Wednesday, November 21, 2012

Believing For Better

I hate watching as the ones I love the most are making the mistakes I had to learn from. It hurts me and it’s disappointing to think that the prayers I’ve been saying might just be bouncing off the sky. Do you hear me pleading for them, Faithful One?

You promised me that I could ask for anything and that it would be done according to your will. Is it your will to watch them die? I don’t think it is… So why haven’t you shown them the way out? I know I can’t blame you though… they have to say yes before you can actually move in their lives… I know from experience.

But I can’t make them choose. And You can’t make them choose. And so it feels hopeless. I feel like my heart is breaking as I watch her pick at lettuce… as I watch him take another hit. It’s not fair. I feel righteous indignation rising up in me. I am angry because they are attacked and I can’t rescue them. I feel helpless and I hate knowing that all I can do is wait on Your Spirit. I feel like I am feeling Your pain. Like I am feeling Your heartache. And I'm reminded that I asked for that, so I can't complain.

I am recognizing that I have control issues. And if it were up to me, I’d find a way to lead them back to you this instant. I’d find a way to show them that you are Truth and Freedom. I wish they could see it in my life, but I’m afraid I have failed in those regards because I’ve failed to remain consistent. I have to remember that I am not a savior.

How do I show them you want something better when I’m only just now choosing better? I want them to realize the authority and power that comes with your name. I want them to know the fullness you bring and the void you are capable of filling.

Help me be an example, but more than that, help me be loving and gentle. Help me love them the way you do. Show me when to speak and when to listen. Give me Your words, because they are the only words of Life.

I need you to hold my heart because it's shattering at the thought that all of this might be falling apart. I am believing for so much of a miracle. And I know you're not too small for that. But I feel doubt creeping in. I don't want to doubt you. I want to believe you're doing something bigger than my imagination. I need a sign. Tell me that you hear me crying, Abba.

Tuesday, November 20, 2012

Maybe Ignorance is Bliss?

I can't collect my feet. I feel like I've completely face planted in this thing called life. I don't want to keep trying, but I don't want to lay here on the ground forever either. I thought I was figuring things out... It started out as such a slow walk, but it grew into a race and I was excited to see myself moving forward. Now I feel like I've come to a complete halt. I feel like there are things I'll never get past and that I'll never quite be alright.

She told me I was a liar- as if I didn't already know I had lied. But somehow that just reminded me of all the times before when I was reminded of who the original liar was and how they compared me to him. I was reminded all over again of the pain they caused me. And even though it wasn't all my fault, I had to take all the blame. And I don't want to take the blame for this.

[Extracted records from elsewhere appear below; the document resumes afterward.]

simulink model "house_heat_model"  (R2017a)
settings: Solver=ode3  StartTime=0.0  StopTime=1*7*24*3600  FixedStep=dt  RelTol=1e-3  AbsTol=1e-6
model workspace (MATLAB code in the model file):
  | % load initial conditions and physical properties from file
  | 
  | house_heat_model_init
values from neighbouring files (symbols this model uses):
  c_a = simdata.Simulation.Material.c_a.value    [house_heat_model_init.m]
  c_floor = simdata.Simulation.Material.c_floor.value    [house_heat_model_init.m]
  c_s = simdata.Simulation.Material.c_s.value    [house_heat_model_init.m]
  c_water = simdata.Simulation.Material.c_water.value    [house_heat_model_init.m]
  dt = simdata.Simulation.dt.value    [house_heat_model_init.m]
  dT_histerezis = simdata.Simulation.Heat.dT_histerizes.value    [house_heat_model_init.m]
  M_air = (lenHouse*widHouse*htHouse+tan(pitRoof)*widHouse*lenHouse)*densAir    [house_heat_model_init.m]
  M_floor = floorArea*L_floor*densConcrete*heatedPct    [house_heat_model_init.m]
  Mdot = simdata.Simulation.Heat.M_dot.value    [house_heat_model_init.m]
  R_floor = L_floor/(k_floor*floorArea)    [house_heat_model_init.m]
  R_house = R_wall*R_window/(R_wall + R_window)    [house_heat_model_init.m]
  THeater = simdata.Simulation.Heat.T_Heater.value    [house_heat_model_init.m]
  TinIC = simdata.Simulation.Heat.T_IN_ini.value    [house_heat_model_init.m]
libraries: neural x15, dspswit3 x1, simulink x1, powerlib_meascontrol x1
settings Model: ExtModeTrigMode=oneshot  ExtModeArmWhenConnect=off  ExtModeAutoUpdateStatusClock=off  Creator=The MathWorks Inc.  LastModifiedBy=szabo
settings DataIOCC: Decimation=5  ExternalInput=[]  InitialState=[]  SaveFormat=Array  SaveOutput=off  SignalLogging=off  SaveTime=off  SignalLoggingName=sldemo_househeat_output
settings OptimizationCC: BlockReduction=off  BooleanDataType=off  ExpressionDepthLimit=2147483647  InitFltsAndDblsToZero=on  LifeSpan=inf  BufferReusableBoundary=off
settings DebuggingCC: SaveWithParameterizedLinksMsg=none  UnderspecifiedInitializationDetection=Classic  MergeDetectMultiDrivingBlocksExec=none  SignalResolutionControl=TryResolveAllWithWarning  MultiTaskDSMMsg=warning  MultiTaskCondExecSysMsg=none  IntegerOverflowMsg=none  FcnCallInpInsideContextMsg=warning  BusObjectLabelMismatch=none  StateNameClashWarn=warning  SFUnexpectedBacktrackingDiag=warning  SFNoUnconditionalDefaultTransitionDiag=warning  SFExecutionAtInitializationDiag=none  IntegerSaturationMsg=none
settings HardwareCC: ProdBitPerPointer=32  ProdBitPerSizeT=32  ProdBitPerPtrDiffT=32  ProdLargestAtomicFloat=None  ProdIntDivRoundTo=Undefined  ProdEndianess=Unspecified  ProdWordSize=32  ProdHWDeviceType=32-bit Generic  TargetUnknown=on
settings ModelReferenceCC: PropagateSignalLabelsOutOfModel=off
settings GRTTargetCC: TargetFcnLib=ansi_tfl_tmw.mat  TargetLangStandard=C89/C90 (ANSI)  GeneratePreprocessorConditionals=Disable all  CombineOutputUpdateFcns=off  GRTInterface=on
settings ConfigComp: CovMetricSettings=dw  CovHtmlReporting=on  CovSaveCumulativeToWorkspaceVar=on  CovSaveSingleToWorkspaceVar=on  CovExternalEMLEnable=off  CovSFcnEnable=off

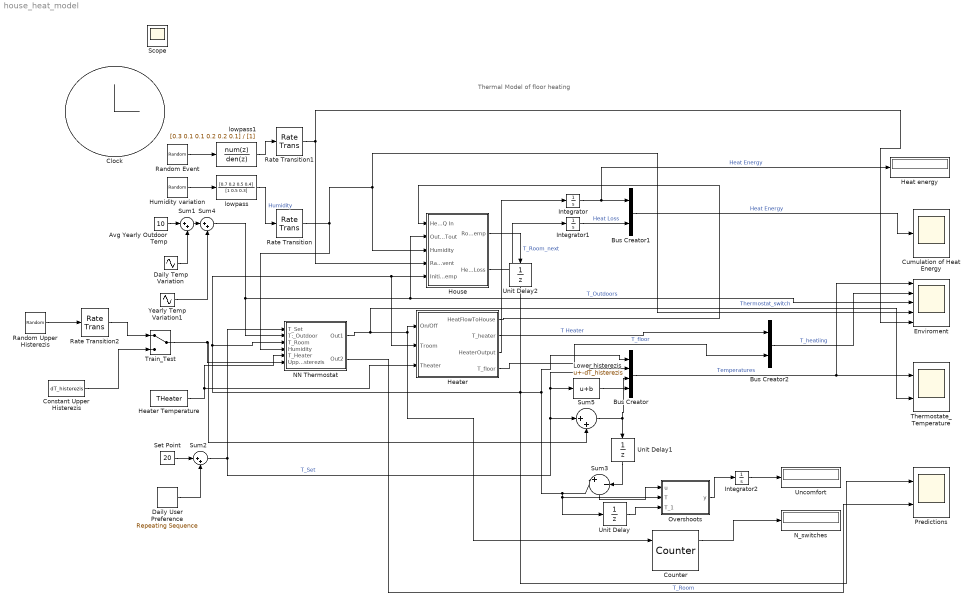
== system house_heat_model ==
  note: Thermal Model of floor heating
  Avg Yearly Outdoor Temp : Constant  Value=10
  Bus Creator : BusCreator  Inputs=4
  Bus Creator1 : BusCreator  Inputs=2
  Bus Creator2 : BusCreator  Inputs=2
  Clock : Clock
  Constant Upper Histerezis : Constant  Value=dT_histerezis  SampleTime=dt
  Counter : dspswit3/Counter  Direction=Up  CountEvent=Rising edge  CounterSize=32 bits  MaxCount=255  InitialCount=0  Output=Count and Hit  HitValue=32  ResetInput=on  SamplesPerFrame=1  Ts=1  CntDtype=double  HitDtype=Logical
  Cumulation of Heat Energy : Scope
  Daily Temp Variation : Sin  Amplitude=5  Frequency=2*pi/(24*3600)  SampleTime=dt
  Daily User Preference : simulink/Sources/Repeating Sequence  rep_seq_t=[0 25199 25200 32399 32400 57599 57600 79199 79200]  rep_seq_y=[-1 -1 1 1 -2 -2 1 1 -1]
  Enviroment : Scope  NumInputPorts=5
  Heat energy : Display
  Heater : Subsystem
      settings: MinAlgLoopOccurrences=on
  Heater Temperature : Constant  Value=THeater
  House : Subsystem
      settings: MinAlgLoopOccurrences=on
      mask Display: image(fullfile(matlabroot,'toolbox','simulink','simdemos','simgeneral','images','HouseHeatHousePix.svg'))
  Humidity variation : RandomNumber  Description=Random events in heat capacity of the room - like window opening, persons in the house, e.t.c  Mean=0.7  Variance=0.05  SampleTime=3600*24
  Integrator : Integrator
  Integrator1 : Integrator
  Integrator2 : Integrator
  Lower histerezis : Bias  Bias=-dT_histerezis
  "NN Thermostat " : Subsystem
      settings: MinAlgLoopOccurrences=on
      mask Display: image(fullfile(matlabroot,'toolbox','simulink','simdemos','simgeneral','images','HouseHeatThermostatPix.svg'))
  N_switches : Display
  Overshoots : MATLAB Function  TreatAsAtomicUnit=on
  Predictions : Scope  NumInputPorts=2
  Random Event : RandomNumber  Mean=1.2  Variance=0.01  SampleTime=3600
  Random Upper Histerezis : UniformRandomNumber  Minimum=0  Maximum=dT_histerezis  SampleTime=3600
  Rate Transition : RateTransition  X0=0.7
  Rate Transition1 : RateTransition  X0=1
  Rate Transition2 : RateTransition  X0=0.25
  Set Point : Constant  Value=20
  Sum{1..2,4..5} (4 alike) : Sum  Inputs=|++  SaturateOnIntegerOverflow=on  InputSameDT=on  OutDataTypeStr=Inherit: Same as first input
  Sum3 : Sum  Inputs=|+||-  SaturateOnIntegerOverflow=on  InputSameDT=on  OutDataTypeStr=Inherit: Same as first input
  Thermostate_Temperature : Scope  NumInputPorts=2
  Train_Test : ManualSwitch
  Uncomfort : Display
  Unit Delay : UnitDelay  InitialCondition=TinIC  SampleTime=-1
  Unit Delay1 : UnitDelay  InitialCondition=TinIC  SampleTime=-1
  Unit Delay2 : UnitDelay  InitialCondition=TinIC  SampleTime=-1
  Yearly Temp Variation1 : Sin  Amplitude=10  Frequency=2*pi/(365*24*3600)  Phase=-3*pi/4  SampleTime=dt
  lowpass : DiscreteFilter  Numerator=[0.7 0.2 0.5 0.4]  Denominator=[1 0.5 0.3]  InitialStates=0.5  SampleTime=3600  a0EqualsOne=on
  lowpass1 : DiscreteFilter  Numerator=[0.3 0.1 0.1 0.2 0.2 0.1]  Denominator=[1]  InitialStates=1  SampleTime=120  a0EqualsOne=on
  Scope : Scope
  wires:
  Integrator/1 -> Heat energy/1, Bus Creator1/1  "Heat Energy"
  Daily Temp Variation/1 -> Sum1/2
  Sum4/1 -> "NN Thermostat "/2(T:_Outdoor), Enviroment/3, House/2(Outdoor Temp Tout)  "T_Outdoors"
  Avg Yearly Outdoor Temp/1 -> Sum1/1
  House/1("Room Temp ") -> Unit Delay2/1  "T_Room_next"
  Heater/1("HeatFlowToHouse ") -> House/1(Heater dQ In)
  Daily User Preference/1 -> Sum2/2
  Set Point/1 -> Sum2/1
  Sum2/1 -> "NN Thermostat "/1(T_Set), Sum5/1, Lower histerezis/1, Bus Creator/2  "T_Set"
  Bus Creator/1 -> Enviroment/1, Thermostate_Temperature/1  "Temperatures"
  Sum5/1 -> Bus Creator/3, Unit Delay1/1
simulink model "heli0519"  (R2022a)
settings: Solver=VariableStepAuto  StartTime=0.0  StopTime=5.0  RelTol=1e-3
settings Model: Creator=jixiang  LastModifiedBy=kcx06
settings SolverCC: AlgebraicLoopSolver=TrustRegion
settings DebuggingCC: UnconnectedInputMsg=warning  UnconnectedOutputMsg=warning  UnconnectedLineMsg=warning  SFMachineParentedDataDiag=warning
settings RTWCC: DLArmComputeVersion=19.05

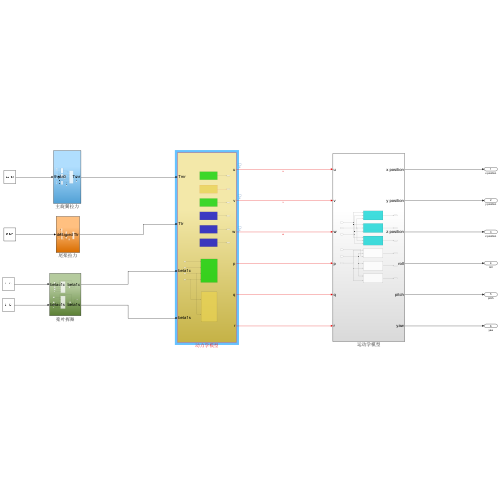
[thumbnail: Simulink's stored preview of the top-level diagram]
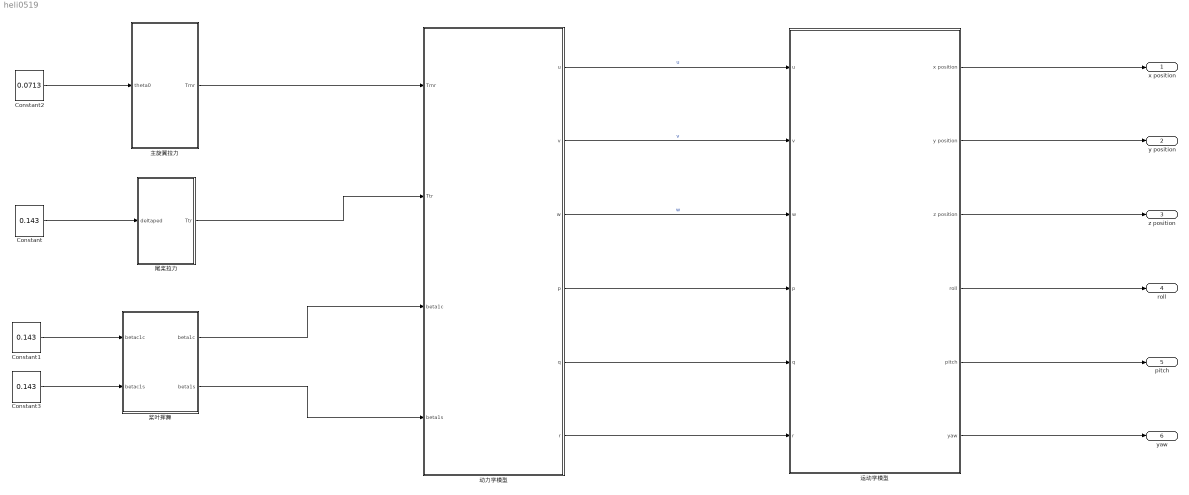
== system heli0519 ==
  Constant : Constant  Value=0.143
  Constant1 : Constant  Value=0.143
  Constant2 : Constant  Value=0.0713
  Constant3 : Constant  Value=0.143
  主旋翼拉力 : Subsystem
  动力学模型 : Subsystem
  尾桨拉力 : Subsystem
  桨叶挥舞 : Subsystem
  运动学模型 : Subsystem
  x position : Outport
  y position : Outport  Port=2
  z position : Outport  Port=3
  roll : Outport  Port=4
  pitch : Outport  Port=5
  yaw : Outport  Port=6
  wires:
  Constant1/1 -> 桨叶挥舞/1(betac1c)
  Constant/1 -> 尾桨拉力/1(deltaped)
  运动学模型/4(roll) -> roll/1
  运动学模型/1(x position) -> x position/1
  动力学模型/1(u) -> 运动学模型/1(u)  "u"
  动力学模型/2(v) -> 运动学模型/2(v)  "v"
  运动学模型/5(pitch) -> pitch/1
  Constant3/1 -> 桨叶挥舞/2(betac1s)
  运动学模型/6(yaw) -> yaw/1
  运动学模型/2(y position) -> y position/1
  动力学模型/4(p) -> 运动学模型/4(p)
  动力学模型/5(q) -> 运动学模型/5(q)
  桨叶挥舞/2(beta1s) -> 动力学模型/4(beta1s)
  动力学模型/6(r) -> 运动学模型/6(r)
  桨叶挥舞/1(beta1c) -> 动力学模型/3(beta1c)
  动力学模型/3(w) -> 运动学模型/3(w)  "w"
  Constant2/1 -> 主旋翼拉力/1(theta0)
  尾桨拉力/1(Ttr) -> 动力学模型/2("Ttr ")
  运动学模型/3(z position) -> z position/1
  主旋翼拉力/1(Tmr) -> 动力学模型/1(Tmr)

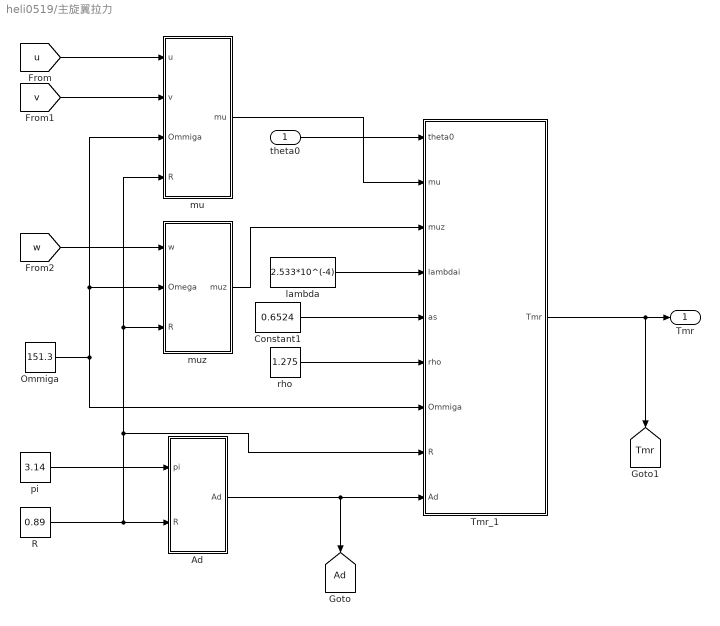
== system heli0519/主旋翼拉力 ==
  theta0 : Inport
  Ad : MATLAB Function  TreatAsAtomicUnit=on
  Constant1 : Constant  Value=0.6524
  Ommiga : Constant  Value=151.3
  R : Constant  Value=0.89
  Tmr_1 : MATLAB Function  TreatAsAtomicUnit=on
  lambda : Constant  Value=2.533*10^(-4)
  mu : MATLAB Function  TreatAsAtomicUnit=on
  muz : MATLAB Function  TreatAsAtomicUnit=on
  pi : Constant  Value=3.14
  rho : Constant  Value=1.275
  Tmr : Outport
  tag scope: Ad=global, Tmr=global
  wires:
  rho/1 -> Tmr_1/6(rho)
  Ommiga/1 -> mu/3(Ommiga), muz/2(Omega), Tmr_1/7(Ommiga)
  mu/1(mu) -> Tmr_1/2(mu)
  R/1 -> mu/4(R), muz/3(R), Tmr_1/8(R), Ad/2(R)
  theta0/1 -> Tmr_1/1(theta0)
  lambda/1 -> Tmr_1/4(lambdai)
  Ad/1(Ad) -> Tmr_1/9(Ad), [Ad]
  Constant1/1 -> Tmr_1/5(as)
  muz/1(muz) -> Tmr_1/3(muz)
  [u] -> mu/1(u)
  [w] -> muz/1(w)
  [v] -> mu/2(v)
  pi/1 -> Ad/1(pi)
  Tmr_1/1(Tmr) -> Tmr/1, [Tmr]

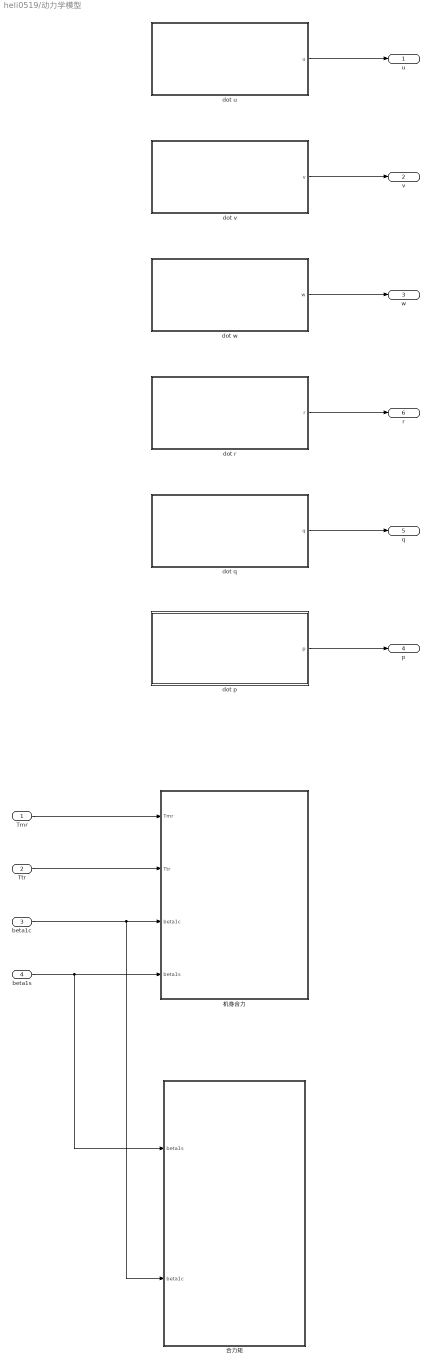
== system heli0519/动力学模型 ==
  Tmr : Inport
  "Ttr " : Inport  Port=2
  beta1c : Inport  Port=3
  beta1s : Inport  Port=4
  dot p : Subsystem
  dot q : Subsystem
  dot r : Subsystem
  dot u : Subsystem
  dot v : Subsystem
  dot w : Subsystem
  合力矩 : Subsystem
  机身合力 : Subsystem
  u : Outport
  v : Outport  Port=2
  w : Outport  Port=3
  p : Outport  Port=4
  q : Outport  Port=5
  r : Outport  Port=6
  wires:
  dot u/1(u) -> u/1
  dot v/1(v) -> v/1
  dot q/1(q) -> q/1
  dot w/1(w) -> w/1
  dot p/1(p) -> p/1
  dot r/1(r) -> r/1
  beta1s/1 -> 合力矩/1(beta1s), 机身合力/4(beta1s)
  "Ttr "/1 -> 机身合力/2(Ttr)
  Tmr/1 -> 机身合力/1(Tmr)
  beta1c/1 -> 合力矩/2(beta1c), 机身合力/3(beta1c)

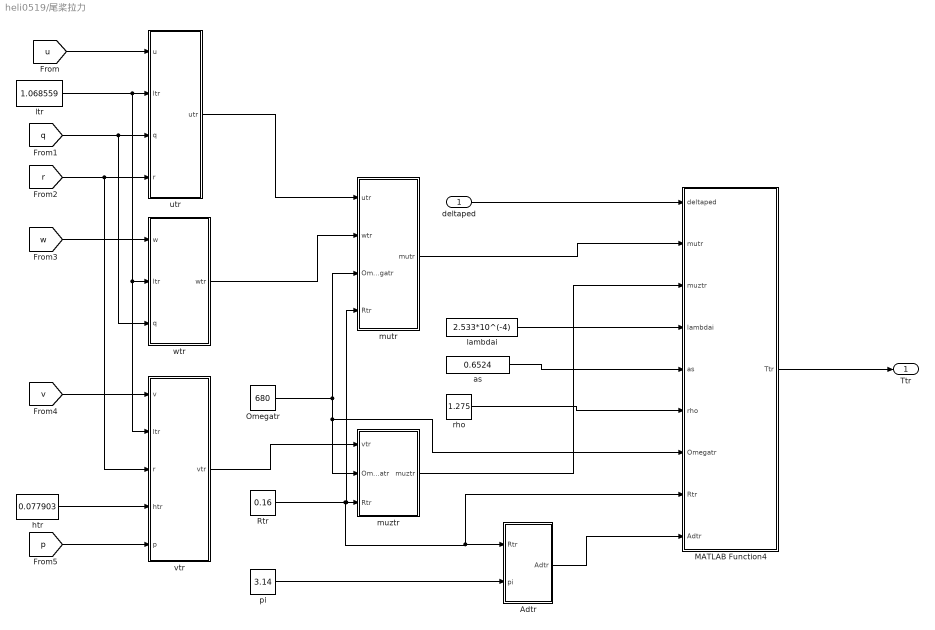
== system heli0519/尾桨拉力 ==
  deltaped : Inport
  Adtr : MATLAB Function  TreatAsAtomicUnit=on
  MATLAB Function4 : MATLAB Function  TreatAsAtomicUnit=on
  Omegatr : Constant  Value=680
  Rtr : Constant  Value=0.16
  as : Constant  Value=0.6524
  htr : Constant  Value=0.077903
  lambdai : Constant  Value=2.533*10^(-4)
  ltr : Constant  Value=1.068559
  mutr : MATLAB Function  TreatAsAtomicUnit=on
  muztr : MATLAB Function  TreatAsAtomicUnit=on
  pi : Constant  Value=3.14
  rho : Constant  Value=1.275
  utr : MATLAB Function  TreatAsAtomicUnit=on
  vtr : MATLAB Function  TreatAsAtomicUnit=on
  wtr : MATLAB Function  TreatAsAtomicUnit=on
  Ttr : Outport
  wires:
  Rtr/1 -> Adtr/1(Rtr), MATLAB Function4/8(Rtr), mutr/4(Rtr), muztr/3(Rtr)
  htr/1 -> vtr/4(htr)
  [p] -> vtr/5(p)
  [q] -> wtr/3(q), utr/3(q)
  deltaped/1 -> MATLAB Function4/1(deltaped)
  Omegatr/1 -> mutr/3(Omegatr), MATLAB Function4/7(Omegatr), muztr/2(Omegatr)
  mutr/1(mutr) -> MATLAB Function4/2(mutr)
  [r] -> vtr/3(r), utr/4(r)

She told me my absense would be noticed, but I don't believe here. I feel like it doesn't make much of a difference if I am around or not... I don't think I'm really that valuable. I'm just another number and when I'm gone, another person could replace me easily. I want to be alone.

She told me I wanted to be sad and asked me why. She said if I just laughed, it would make my brain happier. And it made me feel insulted. Like she was calling me stubborn or childish. I didn't want to be happy. I wanted to be sad. I wanted to reflect on my pain for a moment. I wanted to wrap myself in it and dull myself into it until it was a comfortable shell keeping me from them. And when she called me out, it made me feel even more like I wanted to run away.

It would be easy to run, to make the great escape, to numb myself and walk away from feeling. It would be easy to be selfish and avoid reconciliation. It would be easy to pretend like everything is alright all of the time. I want things to be easy.

But I know too much to believe that it's alright to do what's easy all of the time. It's like I've been let in on the secret to it all... and knowing that secret means I should have it all together now. But to be honest, I don't have it together at all. I found the secret, but the secret is that it's hard. It's really hard. And the secret is, that it takes sacrifice and commitment. And I think I might be too selfish for that.

I wish I never knew the truth. I wish I could blindly do what's easy and believe it was okay.